Shushankranjan commented on PR #68539:
URL: https://github.com/apache/airflow/pull/68539#issuecomment-4703651078

   ---
   
   ## What Changed in `variable.py`
   
   The change (from your previous conversation) was specifically in 
`Variable.set()` and `Variable.delete()`. Here's the before/after:
   
   ### `Variable.set()` - Before
   
   ```python
   @classmethod
   def set(cls, key, value, description=None, serialize_json=False) -> None:
       import logging
       from airflow.sdk.execution_time.context import _set_variable
   
       try:
           _set_variable(key, value, description, serialize_json=serialize_json)
       except AirflowRuntimeError:
           logging.getLogger(__name__).warning("Failed to set variable %r", key)
           # error was swallowed — task continued silently
   ```
   
   ### `Variable.set()` - After (current)
   
   ```python
   @classmethod
   def set(cls, key, value, description=None, serialize_json=False) -> None:
       from airflow.sdk.execution_time.context import _set_variable
   
       _set_variable(key, value, description, serialize_json=serialize_json)
   ```
   
   The same pattern applied to `Variable.delete()`.
   
   ---
   
   ## Why the Change Was Made
   
   ### 1. Silent Failure is Dangerous
   
   The old `try/except` **caught and suppressed** `AirflowRuntimeError` from 
the Execution API. If the API server rejected a `set()` or `delete()` (e.g., 
due to permissions, network issues, or server errors), the task would:
   - Log a warning
   - **Continue executing as if the write succeeded** ✗
   
   This is a correctness bug: downstream tasks could read stale variable values 
or operate on data that was never actually written.
   
   ### 2. Inconsistency with `Variable.get()`
   
   `Variable.get()` already let `AirflowRuntimeError` propagate (with one 
deliberate exception: `VARIABLE_NOT_FOUND` + a provided `default`).
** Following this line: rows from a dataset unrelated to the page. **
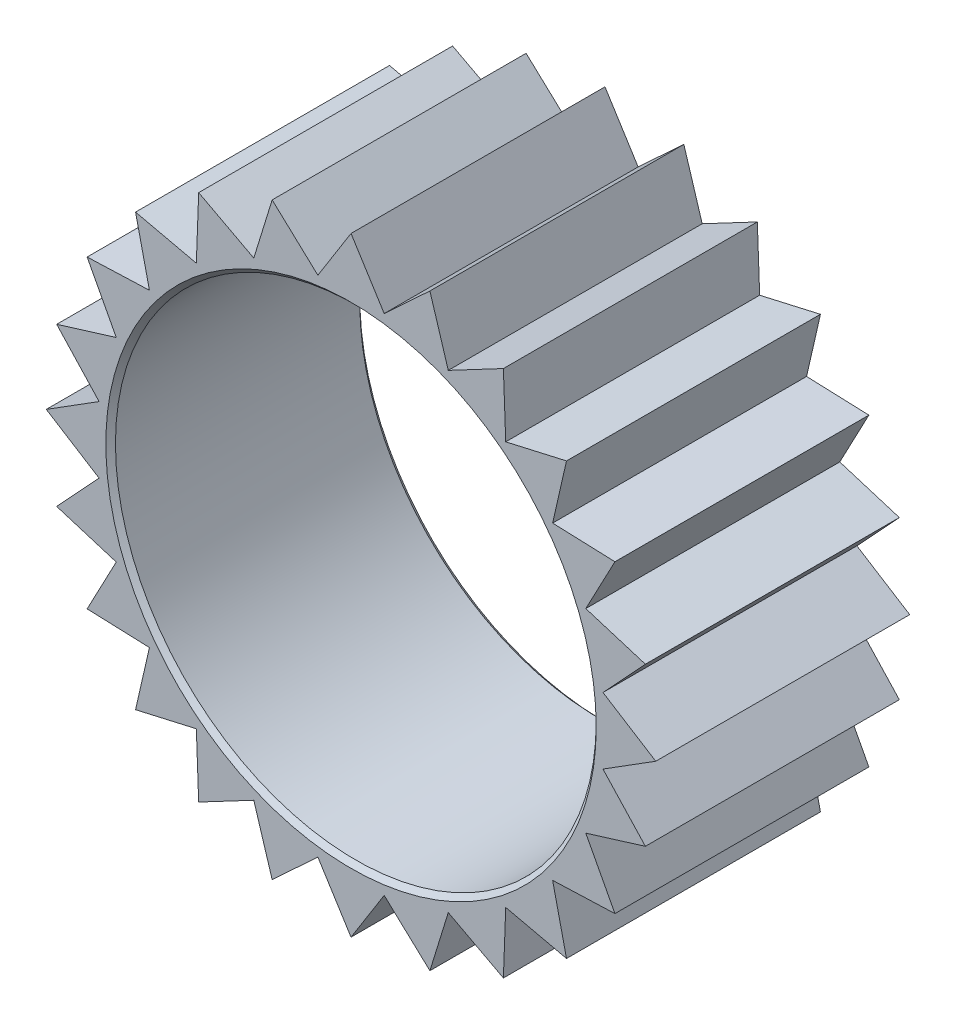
ISO-10303-21;
HEADER;
FILE_DESCRIPTION(('STEP AP214'),'2;1');
FILE_NAME('part.step','',(''),(''),'','','');
FILE_SCHEMA(('AUTOMOTIVE_DESIGN { 1 0 10303 214 1 1 1 1 }'));
ENDSEC;
DATA;
#1=APPLICATION_CONTEXT('core data for automotive mechanical design processes');
#2=APPLICATION_PROTOCOL_DEFINITION('international standard','automotive_design',2000,#1);
#3=PRODUCT_CONTEXT('',#1,'mechanical');
#4=PRODUCT('Part','Part','',(#3));
#5=PRODUCT_RELATED_PRODUCT_CATEGORY('part','',(#4));
#6=PRODUCT_DEFINITION_FORMATION('','',#4);
#7=PRODUCT_DEFINITION_CONTEXT('part definition',#1,'design');
#8=PRODUCT_DEFINITION('design','',#6,#7);
#9=PRODUCT_DEFINITION_SHAPE('','',#8);
#10=(LENGTH_UNIT() NAMED_UNIT(*) SI_UNIT(.MILLI.,.METRE.));
#11=(NAMED_UNIT(*) PLANE_ANGLE_UNIT() SI_UNIT($,.RADIAN.));
#12=(NAMED_UNIT(*) SI_UNIT($,.STERADIAN.) SOLID_ANGLE_UNIT());
#13=UNCERTAINTY_MEASURE_WITH_UNIT(LENGTH_MEASURE(1.E-05),#10,'distance_accuracy_value','');
#14=(GEOMETRIC_REPRESENTATION_CONTEXT(3) GLOBAL_UNCERTAINTY_ASSIGNED_CONTEXT((#13)) GLOBAL_UNIT_ASSIGNED_CONTEXT((#10,
#11,#12)) REPRESENTATION_CONTEXT('',''));
#15=CARTESIAN_POINT('',(0.,0.,0.));
#16=DIRECTION('',(0.,0.,1.));
#17=DIRECTION('',(1.,0.,0.));
#18=AXIS2_PLACEMENT_3D('',#15,#16,#17);
#19=CARTESIAN_POINT('',(0.,0.,-9.525));
#20=DIRECTION('',(0.,0.,1.));
#21=DIRECTION('',(1.,0.,0.));
#22=AXIS2_PLACEMENT_3D('',#19,#20,#21);
#23=PLANE('',#22);
#24=CARTESIAN_POINT('',(0.,0.,-9.525));
#25=DIRECTION('',(0.,0.,1.));
#26=DIRECTION('',(1.,0.,0.));
#27=AXIS2_PLACEMENT_3D('',#24,#25,#26);
#28=CIRCLE('',#27,9.19733999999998);
#29=CARTESIAN_POINT('',(9.19733999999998,0.,-9.525));
#30=VERTEX_POINT('',#29);
#31=EDGE_CURVE('E356',#30,#30,#28,.T.);
#32=ORIENTED_EDGE('',*,*,#31,.T.);
#33=EDGE_LOOP('',(#32));
#34=FACE_BOUND('',#33,.T.);
#35=DIRECTION('',(-0.531987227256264,0.846752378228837,0.));
#36=VECTOR('',#35,1.);
#37=CARTESIAN_POINT('',(0.,11.43,-9.525));
#38=LINE('',#37,#36);
#39=CARTESIAN_POINT('',(1.24409082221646,9.44980797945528,-9.525));
#40=VERTEX_POINT('',#39);
#41=CARTESIAN_POINT('',(0.,11.43,-9.525));
#42=VERTEX_POINT('',#41);
#43=EDGE_CURVE('E371',#40,#42,#38,.T.);
#44=ORIENTED_EDGE('',*,*,#43,.F.);
#45=DIRECTION('',(-0.733015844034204,-0.680211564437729,0.));
#46=VECTOR('',#45,1.);
#47=CARTESIAN_POINT('',(1.24409082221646,9.44980797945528,-9.525));
#48=LINE('',#47,#46);
#49=CARTESIAN_POINT('',(2.95830168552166,11.0405321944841,-9.525));
#50=VERTEX_POINT('',#49);
#51=EDGE_CURVE('E351',#50,#40,#48,.T.);
#52=ORIENTED_EDGE('',*,*,#51,.F.);
#53=DIRECTION('',(-0.294704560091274,0.955588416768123,0.));
#54=VECTOR('',#53,1.);
#55=CARTESIAN_POINT('',(2.95830168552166,11.0405321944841,-9.525));
#56=LINE('',#55,#54);
#57=CARTESIAN_POINT('',(3.64748973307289,8.8058191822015,-9.525));
#58=VERTEX_POINT('',#57);
#59=EDGE_CURVE('E771',#58,#50,#56,.T.);
#60=ORIENTED_EDGE('',*,*,#59,.F.);
#61=DIRECTION('',(-0.884090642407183,-0.467315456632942,0.));
#62=VECTOR('',#61,1.);
#63=CARTESIAN_POINT('',(3.64748973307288,8.8058191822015,-9.525));
#64=LINE('',#63,#62);
#65=CARTESIAN_POINT('',(5.71499999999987,9.8986703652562,-9.525));
#66=VERTEX_POINT('',#65);
#67=EDGE_CURVE('E760',#66,#58,#64,.T.);
#68=ORIENTED_EDGE('',*,*,#67,.F.);
#69=DIRECTION('',(-0.0373382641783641,0.999302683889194,0.));
#70=VECTOR('',#69,1.);
#71=CARTESIAN_POINT('',(5.71499999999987,9.8986703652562,-9.525));
#72=LINE('',#71,#70);
#73=CARTESIAN_POINT('',(5.80231824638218,7.56172835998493,-9.525));
#74=VERTEX_POINT('',#73);
#75=EDGE_CURVE('E365',#74,#66,#72,.T.);
#76=ORIENTED_EDGE('',*,*,#75,.F.);
#77=DIRECTION('',(-0.974916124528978,-0.222572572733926,0.));
#78=VECTOR('',#77,1.);
#79=CARTESIAN_POINT('',(5.80231824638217,7.56172835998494,-9.525));
#80=LINE('',#79,#78);
#81=CARTESIAN_POINT('',(8.08223050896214,8.08223050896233,-9.525));
#82=VERTEX_POINT('',#81);
#83=EDGE_CURVE('E745',#82,#74,#80,.T.);
#84=ORIENTED_EDGE('',*,*,#83,.F.);
#85=DIRECTION('',(0.222572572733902,0.974916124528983,0.));
#86=VECTOR('',#85,1.);
#87=CARTESIAN_POINT('',(8.08223050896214,8.08223050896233,-9.525));
#88=LINE('',#87,#86);
#89=CARTESIAN_POINT('',(7.5617283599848,5.80231824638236,-9.525));
#90=VERTEX_POINT('',#89);
#91=EDGE_CURVE('E740',#90,#82,#88,.T.);
#92=ORIENTED_EDGE('',*,*,#91,.F.);
#93=DIRECTION('',(-0.999302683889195,0.0373382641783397,0.));
#94=VECTOR('',#93,1.);
#95=CARTESIAN_POINT('',(7.56172835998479,5.80231824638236,-9.525));
#96=LINE('',#95,#94);
#97=CARTESIAN_POINT('',(9.89867036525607,5.71500000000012,-9.525));
#98=VERTEX_POINT('',#97);
#99=EDGE_CURVE('E728',#98,#90,#96,.T.);
#100=ORIENTED_EDGE('',*,*,#99,.F.);
#101=DIRECTION('',(0.46731545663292,0.884090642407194,0.));
#102=VECTOR('',#101,1.);
#103=CARTESIAN_POINT('',(9.89867036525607,5.71500000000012,-9.525));
#104=LINE('',#103,#102);
#105=CARTESIAN_POINT('',(8.80581918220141,3.64748973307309,-9.525));
#106=VERTEX_POINT('',#105);
#107=EDGE_CURVE('E723',#106,#98,#104,.T.);
#108=ORIENTED_EDGE('',*,*,#107,.F.);
#109=DIRECTION('',(-0.955588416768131,0.29470456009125,0.));
#110=VECTOR('',#109,1.);
#111=CARTESIAN_POINT('',(8.80581918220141,3.6474897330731,-9.525));
#112=LINE('',#111,#110);
#113=CARTESIAN_POINT('',(11.040532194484,2.95830168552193,-9.525));
#114=VERTEX_POINT('',#113);
#115=EDGE_CURVE('E711',#114,#106,#112,.T.);
#116=ORIENTED_EDGE('',*,*,#115,.F.);
#117=DIRECTION('',(0.680211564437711,0.733015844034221,0.));
#118=VECTOR('',#117,1.);
#119=CARTESIAN_POINT('',(11.040532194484,2.95830168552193,-9.525));
#120=LINE('',#119,#118);
#121=CARTESIAN_POINT('',(9.44980797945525,1.24409082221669,-9.525));
#122=VERTEX_POINT('',#121);
#123=EDGE_CURVE('E706',#122,#114,#120,.T.);
#124=ORIENTED_EDGE('',*,*,#123,.F.);
#125=DIRECTION('',(-0.846752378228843,0.531987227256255,0.));
#126=VECTOR('',#125,1.);
#127=CARTESIAN_POINT('',(9.44980797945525,1.24409082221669,-9.525));
#128=LINE('',#127,#126);
#129=CARTESIAN_POINT('',(11.43,1.19722895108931E-13,-9.525));
#130=VERTEX_POINT('',#129);
#131=EDGE_CURVE('E694',#130,#122,#128,.T.);
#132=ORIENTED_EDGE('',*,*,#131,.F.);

The old 
`set()`/`delete()` had *no* such intentional swallowing - it was just a side 
effect of defensive coding that went too far.
   
   ### 3. The `try/except` Was an Overcorrection
   
   There's no legitimate reason to swallow a write error. The correct behavior 
is:
   - Write fails → task fails → Airflow marks the task instance as failed → the 
user investigates
   
   This matches Airflow's fault model: tasks are expected to be retried or 
alarmed on, not silently succeed.
   
   ---
   
   ## What the Tests Verify Now
   
   The two new tests confirm the corrected behavior:
   
   | Test | What it asserts |
   |---|---|
   | `test_var_set_raises_on_error` | `Variable.set()` re-raises 
`AirflowRuntimeError` when the API rejects the write |
   | `test_var_delete_raises_on_error` | `Variable.delete()` re-raises 
`AirflowRuntimeError` when the API rejects the delete |
   
   The logging import was also removed as a cleanup - it was only there to 
service the now-gone `except` block.
   
   ---
   
   **Summary:** The `try/except` + logging in `set()`/`delete()` was silently 
eating API errors, letting tasks proceed as if writes succeeded when they 
hadn't. Removing it makes write failures immediately visible as task failures, 
consistent with how `get()` already behaves.


-- 
This is an automated message from the Apache Git Service.
To respond to the message, please log on to GitHub and use the
URL above to go to the specific comment.

To unsubscribe, e-mail: [email protected]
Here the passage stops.